Use the `status` field as the source of truth, not the `success` boolean.

## Result Contract

### Endpoint

```
GET /semantic-search/{job_id}/result
```

### Response Fields

| Field | Type | Description |
|-------|------|-------------|
| `success` | boolean | `true` only when `status` is `completed` |
| `job_id` | string | The semantic search job identifier |
| `status` | string | Terminal state: `completed` or `failed` |
| `query` | string | Original query |
| `normalized_intent` | string | LLM-normalized search intent |
| `matched_count` | integer | Total matched items |
| `retained_count` | integer | Final retained items |
| `report` | string | Markdown semantic search report |
| `time_window_hours` | integer | Search time window |
| `error` | string or null | Error text when failed |

## Report Structure

The Markdown report follows this structure:

```markdown
# Topic Search Report

- Normalized intent: ...
- Original query: ...
- Time window: N hours
- Matched items: N
- Retained items: N

## Key Signals

### Signal 1
Concise synthesized paragraph.
Sources: [Source Name](https://example.com/article)
```

The live service currently returns the headings in Chinese (`# 主题检索报告`, `## 关键信号`). Treat the exact report string as implementation-defined content and preserve it as returned.
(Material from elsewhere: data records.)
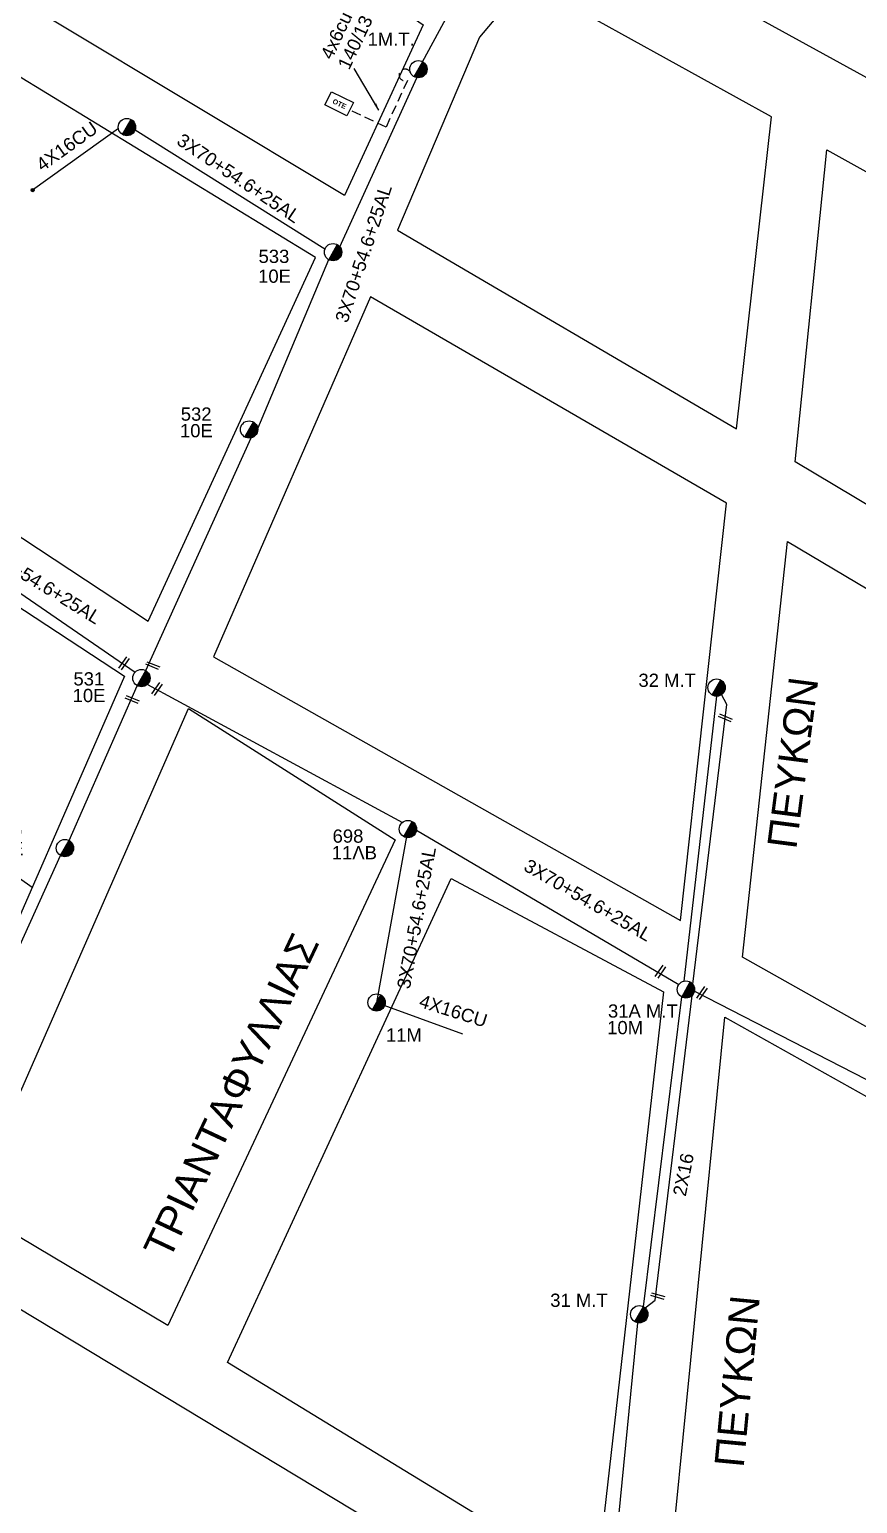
# Model space of a CAD drawing. Header units: millimetres. Extents: x 1451 to 4015, y 754 to 2365.
# Drawn here: x 1677 to 1789.7, y 1119.4 to 1320.1 of the extents above; entities that cross this region are included whole.
import ezdxf
from ezdxf.enums import TextEntityAlignment as Align

# ---------------------------------------------------------------- set-up
doc = ezdxf.new("R2010")
doc.units = ezdxf.units.MM
doc.linetypes.add('DASHED', pattern=[19.05, 12.7, -6.35])
for name, color, linetype in [('Pillar OTE', 7, 'Continuous'), ('Γυμνά εναέρια ΧΤ (1Φ)   2x16AL', 7, 'Continuous'), ('Γυμνά εναέρια ΧΤ (3Φ)   4x16CU', 7, 'Continuous'), ('Επιγραφές - Σχήματα', 7, 'Continuous'), ('Μηχανική τομή', 7, 'Continuous'), ('Στύλος ΦΜ', 7, 'Continuous'), ('Στύλος ΦΜ @ 1', 7, 'Continuous'), ('Συνδέσεις', 7, 'Continuous'), ('Συνεστραμμένα ΧΤ   3x70+54.6+25AL', 7, 'SYN_LINE'), ('Υπόβαθρο ΔΕΗ', 7, 'Continuous'), ('Υπόγεια καλώδια Παροχών ΧΤ   4x6', 7, 'DASHED')]:
    doc.layers.add(name, color=color, linetype=linetype)
doc.styles.get("Standard").update_dxf_attribs({"font": 'ARIAL.TTF'})
doc.linetypes.add('SYN_LINE', pattern='A,0.5,-0.0001,["/\\/\\/\\/",Standard,S=0.1,R=0,X=0,Y=-0.05],-0.25', length=0.7501)
doc.dimstyles.new('ISO-25', dxfattribs={"dimtxt": 2.5, "dimasz": 2.5, "dimexe": 1.25, "dimexo": 0.625, "dimtad": 1, "dimtxsty": 'Standard', "dimcen": 2.5, "dimadec": 0, "dimazin": 0, "dimtfac": 1, "dimtmove": 0, "dimatfit": 3, "dimfxl": 1, "dimarcsym": 0})

# ---------------------------------------------------------------- blocks, each defined once
blk = doc.blocks.new('ΥΠΑΡΧΩΝ ΤΣΙΜΕΝΤΕΝΙΟΣ ΣΤΥΛΟΣ')
at = {"layer": 'Στύλος ΦΜ'}
blk.add_hatch(color=7, dxfattribs=at).paths.add_polyline_path([(-1.29, -2.28, 0.574793), (2.62, 0, 0.268822), (1.3, 2.27)])
at = {"layer": 'Στύλος ΦΜ', "color": 7}
blk.add_line((-1.29, -2.28), (1.3, 2.27), dxfattribs=at)
blk.add_circle((0, 0), 2.62, dxfattribs=at)
at = {"layer": 'Στύλος ΦΜ', "flags": 4}
for tag, p in [('ΑΡΙΘΜΟΣ', (-4.68, 8.05)), ('ΤΥΠΟΣ', (-4.91, 3.03))]:
    blk.add_attdef(tag, p, '', height=4, dxfattribs=at)
blk = doc.blocks.new('_ΣΥΝΔΕΣΗ')
at = {"layer": 'Συνδέσεις', "linetype": 'SYN_LINE', "ltscale": 40}
blk.add_hatch(color=256, dxfattribs=at).paths.add_polyline_path([(0.5, -0.01, 1), (-0.5, -0.01, 1)])
at = {"layer": 'Συνδέσεις'}
blk.add_circle((0, -0.01), 0.5, dxfattribs=at)
blk = doc.blocks.new('ΜΗΧΑΝΙΚΗ ΤΟΜΗ')
at = {"layer": 'Μηχανική τομή', "ltscale": 40}
for p, q in [((-1.89, 0.78), (1.89, 0.78)), ((1.89, 0), (-1.89, 0))]:
    blk.add_line(p, q, dxfattribs=at)
blk = doc.blocks.new('PILLAR ΟΤΕ')
at = {"layer": 'Pillar OTE', "ltscale": 40}
blk.add_lwpolyline([(-3.31, 2.02), (3.39, 2.02), (3.39, -1.99), (-3.31, -1.99)], close=True, dxfattribs=at)
at = {"layer": 'Pillar OTE', "insert": (-1.81, 0.71), "char_height": 1.3575, "width": 109.961, "attachment_point": 1}
blk.add_mtext('{\\fArial|b1|i0|c161|p34;OTE}', dxfattribs=at)

msp = doc.modelspace()

# ---------------------------------------------------------------- linework, layer by layer
at = {"layer": 'Γυμνά εναέρια ΧΤ (1Φ)   2x16AL', "ltscale": 20}
for points in [[(1766.13, 1190.53), (1770.57, 1229.32)], [(1760.6, 1146.18), (1765.79, 1188.36)]]:
    msp.add_lwpolyline(points, dxfattribs=at)
at = {"layer": 'Γυμνά εναέρια ΧΤ (1Φ)   2x16AL', "color": 62, "ltscale": 20}
for points in [[(1767.31, 1190.1), (1771.94, 1228.19), (1771.21, 1229.53)], [(1760.82, 1146.01), (1762.19, 1147.09), (1767.21, 1188.55)], [(1756.29, 1107.89), (1759.84, 1143.99)]]:
    msp.add_lwpolyline(points, dxfattribs=at)
at = {"layer": 'Γυμνά εναέρια ΧΤ (3Φ)   4x16CU', "color": 62, "linetype": 'SYN_LINE', "ltscale": 10}
msp.add_line((1724.25, 1187.61), (1735.97, 1183.34), dxfattribs=at)
at = {"layer": 'Γυμνά εναέρια ΧΤ (3Φ)   4x16CU', "color": 62, "linetype": 'SYN_LINE', "ltscale": 15}
msp.add_lwpolyline([(1689.1, 1306.65), (1677.4, 1298.23)], dxfattribs=at)
at = {"layer": 'Συνεστραμμένα ΧΤ   3x70+54.6+25AL', "color": 62, "ltscale": 20}
msp.add_line((1728.52, 1211.23), (1724.25, 1187.61), dxfattribs=at)
for points in [[(1730.52, 1315.73), (1748.52, 1348.99)], [(1719.25, 1290.52), (1729.72, 1313.55)], [(1717.21, 1290.19), (1691.37, 1306.42)], [(1708.07, 1265.78), (1717.74, 1288.77)], [(1692.83, 1232.8), (1707.16, 1264.49)], [(1667.8, 1248.79), (1691.38, 1232.58)], [(1682.41, 1209.65), (1691.66, 1230.75)], [(1693.05, 1230.92), (1727.78, 1212.14)], [(1729.69, 1211.09), (1765.4, 1190.05)], [(1667.95, 1178.4), (1681.24, 1207.61)], [(1767.53, 1189.16), (1797.48, 1173.77)]]:
    msp.add_lwpolyline(points, dxfattribs=at)
at = {"layer": 'Υπόβαθρο ΔΕΗ'}
for points in [[(1771.32, 1382.03), (1864.52, 1335.3), (1841.01, 1286.06), (1750.81, 1335.65)], [(1679.69, 1321.66), (1697.28, 1343.82), (1730.6, 1320.75), (1719.9, 1297.52)], [(1727.09, 1292.79), (1773.26, 1265.75), (1778, 1308.22), (1744.67, 1326.71), (1738.25, 1319.07)], [(1693.17, 1239.56), (1715.95, 1289.06), (1674.34, 1314.48), (1641.78, 1273.39)], [(1849.29, 1220.61), (1781.26, 1261.25), (1785.54, 1303.74), (1863.66, 1260.35)], [(1765.64, 1198.77), (1771.9, 1255.6), (1723.44, 1283.71), (1702.04, 1234.67)], [(1619.66, 1244.28), (1638.49, 1265.83), (1689.93, 1232.04), (1668.88, 1183.92), (1604.49, 1225.91)], [(1827.88, 1163.51), (1774.06, 1193.77), (1780.19, 1250.4), (1845.93, 1211.29)], [(1698.65, 1227.66), (1726.8, 1209.75), (1695.84, 1143.6), (1668.81, 1159.69)], [(1734.42, 1204.48), (1763.3, 1189.06), (1754.09, 1107.94), (1703.97, 1138.6)], [(1797.56, 1081.87), (1763.42, 1102.25), (1771.64, 1185.63), (1824.99, 1155.76)]]:
    msp.add_lwpolyline(points, close=True, dxfattribs=at)
for points in [[(1619.66, 1244.28), (1677.37, 1203.33)], [(1665.09, 1152.26), (1825.09, 1055.67), (1899.44, 1010.27), (1874.84, 953.32), (1847.39, 901.75), (1751.77, 960.09), (1755.73, 1026.54), (1773.95, 1016.42)]]:
    msp.add_lwpolyline(points, dxfattribs=at)
at = {"layer": 'Υπόγεια καλώδια Παροχών ΧΤ   4x6', "color": 62, "linetype": 'DASHED', "ltscale": 0.1}
msp.add_lwpolyline([(1728.84, 1314.28, 2.346917), (1728.44, 1313.19), (1725.54, 1306.82), (1720.62, 1309.13)], format="xyb", dxfattribs=at)

# ---------------------------------------------------------------- block references
at = {"layer": 'Pillar OTE', "xscale": 0.5, "yscale": 0.5, "zscale": 0.5, "rotation": 333.673764638971}
msp.add_blockref('PILLAR ΟΤΕ', (1719.13, 1310), dxfattribs=at)
at = {"layer": 'Μηχανική τομή'}
for p, xscale, yscale, zscale, rotation in [((1690.02, 1233.7), 0.5000000000000636, 0.5000000000000636, 0.5000000000000636, 55.10806152867185), ((1693.71, 1233.3), 0.4999999999999843, 0.4999999999999843, 0.4999999999999843, 337.4615160212812), ((1694.53, 1230.19), 0.5000000000000636, 0.5000000000000636, 0.5000000000000636, 55.10806152867185), ((1690.9, 1228.7), 0.4999999999999843, 0.4999999999999843, 0.4999999999999843, 337.4615160212812), ((1771.66, 1226.2), 0.4999999999999843, 0.4999999999999843, 0.4999999999999843, 337.4615160212812), ((1763.06, 1191.7), 0.5000000000000636, 0.5000000000000636, 0.5000000000000636, 55.10806152867185), ((1768.7, 1188.77), 0.5000000000000636, 0.5000000000000636, 0.5000000000000636, 55.10806152867185), ((1762.48, 1147.44), 0.500000000000058, 0.500000000000058, 0.500000000000058, 344.0810234724806)]:
    msp.add_blockref('ΜΗΧΑΝΙΚΗ ΤΟΜΗ', p, dxfattribs=dict(at, xscale=xscale, yscale=yscale, zscale=zscale, rotation=rotation))
at = {"layer": 'Στύλος ΦΜ @ 1', "ltscale": 40}
ref = msp.add_blockref('ΥΠΑΡΧΩΝ ΤΣΙΜΕΝΤΕΝΙΟΣ ΣΤΥΛΟΣ', (1729.94, 1314.71), dxfattribs=dict(at, xscale=0.4499999999998181, yscale=0.4499999999998181, zscale=0.4499999999998181))
ref.add_attrib('ΤΥΠΟΣ', '1Μ.Τ.', (1723.02, 1317.89), dxfattribs={"layer": 'Στύλος ΦΜ', "height": 1.8, "flags": 4})
at = {"layer": 'Στύλος ΦΜ @ 1', "ltscale": 40, "xscale": 0.4499999999998181, "yscale": 0.4499999999998181, "zscale": 0.4499999999998181}
msp.add_blockref('ΥΠΑΡΧΩΝ ΤΣΙΜΕΝΤΕΝΙΟΣ ΣΤΥΛΟΣ', (1690.26, 1306.82), dxfattribs=at)
at = {"layer": 'Στύλος ΦΜ @ 1', "ltscale": 40}
ref = msp.add_blockref('ΥΠΑΡΧΩΝ ΤΣΙΜΕΝΤΕΝΙΟΣ ΣΤΥΛΟΣ', (1718.32, 1289.79), dxfattribs=dict(at, xscale=0.4499999999998181, yscale=0.4499999999998181, zscale=0.4499999999998181))
ref.add_attrib('ΤΥΠΟΣ', '10Ε', (1708.12, 1285.62), dxfattribs={"layer": 'Στύλος ΦΜ', "height": 1.8, "flags": 4})
ref.add_attrib('ΑΡΙΘΜΟΣ', '533', (1708.18, 1288.32), dxfattribs={"layer": 'Στύλος ΦΜ', "height": 1.8, "flags": 4})
ref = msp.add_blockref('ΥΠΑΡΧΩΝ ΤΣΙΜΕΝΤΕΝΙΟΣ ΣΤΥΛΟΣ', (1706.9, 1265.64), dxfattribs=dict(at, xscale=0.4499999999998181, yscale=0.4499999999998181, zscale=0.4499999999998181))
ref.add_attrib('ΤΥΠΟΣ', '10E', (1697.48, 1264.58), dxfattribs={"layer": 'Στύλος ΦΜ', "height": 1.8, "flags": 4})
ref.add_attrib('ΑΡΙΘΜΟΣ', '532', (1697.59, 1266.84), dxfattribs={"layer": 'Στύλος ΦΜ', "height": 1.8, "flags": 4})
ref = msp.add_blockref('ΥΠΑΡΧΩΝ ΤΣΙΜΕΝΤΕΝΙΟΣ ΣΤΥΛΟΣ', (1692.24, 1231.78), dxfattribs=dict(at, xscale=0.4499999999998181, yscale=0.4499999999998181, zscale=0.4499999999998181))
ref.add_attrib('ΤΥΠΟΣ', '10E', (1682.87, 1228.52), dxfattribs={"layer": 'Στύλος ΦΜ', "height": 1.8, "flags": 4})
ref.add_attrib('ΑΡΙΘΜΟΣ', '531', (1682.98, 1230.78), dxfattribs={"layer": 'Στύλος ΦΜ', "height": 1.8, "flags": 4})
ref = msp.add_blockref('ΥΠΑΡΧΩΝ ΤΣΙΜΕΝΤΕΝΙΟΣ ΣΤΥΛΟΣ', (1770.54, 1230.5), dxfattribs=dict(at, xscale=0.4499999999998181, yscale=0.4499999999998181, zscale=0.4499999999998181))
ref.add_attrib('ΤΥΠΟΣ', '32 M.T', (1759.9, 1230.59), dxfattribs={"layer": 'Στύλος ΦΜ', "height": 1.8, "flags": 4})
ref = msp.add_blockref('ΥΠΑΡΧΩΝ ΤΣΙΜΕΝΤΕΝΙΟΣ ΣΤΥΛΟΣ', (1681.82, 1208.63), dxfattribs=dict(at, xscale=0.4499999999998181, yscale=0.4499999999998181, zscale=0.4499999999998181))
ref.add_attrib('ΤΥΠΟΣ', '10E', (1671.68, 1207.67), dxfattribs={"layer": 'Στύλος ΦΜ', "height": 1.8, "flags": 4})
ref.add_attrib('ΑΡΙΘΜΟΣ', '530', (1671.78, 1209.94), dxfattribs={"layer": 'Στύλος ΦΜ', "height": 1.8, "flags": 4})
ref = msp.add_blockref('ΥΠΑΡΧΩΝ ΤΣΙΜΕΝΤΕΝΙΟΣ ΣΤΥΛΟΣ', (1728.52, 1211.23), dxfattribs=dict(at, xscale=0.4499999999998181, yscale=0.4499999999998181, zscale=0.4499999999998181))
ref.add_attrib('ΤΥΠΟΣ', '11ΛB', (1718.15, 1207.11), dxfattribs={"layer": 'Στύλος ΦΜ', "height": 1.8, "flags": 4})
ref.add_attrib('ΑΡΙΘΜΟΣ', '698', (1718.26, 1209.37), dxfattribs={"layer": 'Στύλος ΦΜ', "height": 1.8, "flags": 4})
ref = msp.add_blockref('ΥΠΑΡΧΩΝ ΤΣΙΜΕΝΤΕΝΙΟΣ ΣΤΥΛΟΣ', (1766.37, 1189.38), dxfattribs=dict(at, xscale=0.4499999999998181, yscale=0.4499999999998181, zscale=0.4499999999998181))
ref.add_attrib('ΤΥΠΟΣ', '10M', (1755.64, 1183.29), dxfattribs={"layer": 'Στύλος ΦΜ', "height": 1.8, "flags": 4})
ref.add_attrib('ΑΡΙΘΜΟΣ', '31A M.T', (1755.75, 1185.55), dxfattribs={"layer": 'Στύλος ΦΜ', "height": 1.8, "flags": 4})
ref = msp.add_blockref('ΥΠΑΡΧΩΝ ΤΣΙΜΕΝΤΕΝΙΟΣ ΣΤΥΛΟΣ', (1724.25, 1187.61), dxfattribs=dict(at, xscale=0.4499999999998181, yscale=0.4499999999998181, zscale=0.4499999999998181))
ref.add_attrib('ΤΥΠΟΣ', '11M', (1725.52, 1182.28), dxfattribs={"layer": 'Στύλος ΦΜ', "height": 1.8, "flags": 4})
ref = msp.add_blockref('ΥΠΑΡΧΩΝ ΤΣΙΜΕΝΤΕΝΙΟΣ ΣΤΥΛΟΣ', (1760.01, 1145.15), dxfattribs=dict(at, xscale=0.4499999999998181, yscale=0.4499999999998181, zscale=0.4499999999998181))
ref.add_attrib('ΤΥΠΟΣ', '31 M.T', (1747.89, 1146.16), dxfattribs={"layer": 'Στύλος ΦΜ', "height": 1.8, "flags": 4})
at = {"layer": 'Συνδέσεις', "xscale": 0.4499999999998181, "yscale": 0.4499999999998181, "zscale": 0.4499999999998181}
msp.add_blockref('_ΣΥΝΔΕΣΗ', (1677.43, 1298.25), dxfattribs=at)

# ---------------------------------------------------------------- texts
at = {"layer": 'Γυμνά εναέρια ΧΤ (3Φ)   4x16CU', "ltscale": 20}
for s, rotation, p in [('4x6cu', 64.79, (1718.77, 1319.31)), ('140/13', 64.79, (1721.3, 1318.38)), ('4X16CU', 35.6362, (1682.07, 1304.21))]:
    msp.add_text(s, height=1.8, rotation=rotation, dxfattribs=at).set_placement(p, align=Align.MIDDLE)
at = {"layer": 'Επιγραφές - Σχήματα', "ltscale": 20, "char_height": 4, "width": 33.3738, "attachment_point": 1}
for s, insert, rotation in [('ΠΕΥΚΩΝ', (1777.41, 1208.9), 82.5848), ('ΤΡΙΑΝΤΑΦΥΛΛΙΑΣ', (1692.4, 1154.08), 64.7087), ('ΠΕΥΚΩΝ', (1770.23, 1124.56), 84.561)]:
    msp.add_mtext(s, dxfattribs=dict(at, insert=insert, rotation=rotation))
at = {"layer": 'Επιγραφές - Σχήματα', "ltscale": 0.2, "insert": (1764.57, 1161.46), "char_height": 1.8, "width": 10.4913, "attachment_point": 1, "rotation": 78.9045}
msp.add_mtext('2Χ16', dxfattribs=at)
at = {"layer": 'Συνεστραμμένα ΧΤ   3x70+54.6+25AL', "ltscale": 20}
for s, rotation, p in [('3X70+54.6+25AL', 326.0136, (1705.5, 1299.87)), ('3X70+54.6+25AL', 71.8119, (1722.47, 1289.62)), ('3X70+54.6+25AL', 328.3417, (1678.15, 1244.94)), ('3X70+54.6+25AL', 79.4596, (1729.68, 1199.15)), ('3X70+54.6+25AL', 329.767, (1753.04, 1201.55)), ('4X16CU', 342.6038, (1734.7, 1186.47))]:
    msp.add_text(s, height=1.8, rotation=rotation, dxfattribs=at).set_placement(p, align=Align.MIDDLE)

# ---------------------------------------------------------------- leaders
at = {"layer": 'Επιγραφές - Σχήματα', "ltscale": 40}
msp.add_leader([(1724.57, 1309.11), (1721.21, 1314.82)], dimstyle='ISO-25', override={"dimasz": 1, "dimtad": 0}, dxfattribs=at)

doc.saveas('drawing.dxf')

## Limits and Dependencies

- Requires PostgreSQL with pgvector; SQLite is unsupported
- Query length is capped at 300 characters
- Query decomposition is capped at 4 subqueries
- Final retained results are capped at 200 unique items
- `OPENAI_API_KEY` is required for embedding generation
- `KIMI_API_KEY` or `GROK_API_KEY` is required for query planning and report synthesis

## Telegram and Backfill Notes

- Telegram command: `/semantic_search <hours> <topic>`
- Historical embedding backfill command:

```bash
uv run python -m crypto_news_analyzer.main --mode embedding-backfill --config ./config.jsonc --batch-size 100
```

Optional: add `--limit 1000` to process only part of the backlog.

## Updating

Canonical sources for this reference:

1. `crypto_news_analyzer/api_server.py`
2. `crypto_news_analyzer/models.py`
3. `crypto_news_analyzer/domain/models.py`
4. `docs/SEMANTIC_SEARCH_API_GUIDE.md`
5. `tests/test_api_server_semantic_search.py`
6. `tests/test_semantic_search_contracts.py`

When sources disagree, trust code and tests over prose.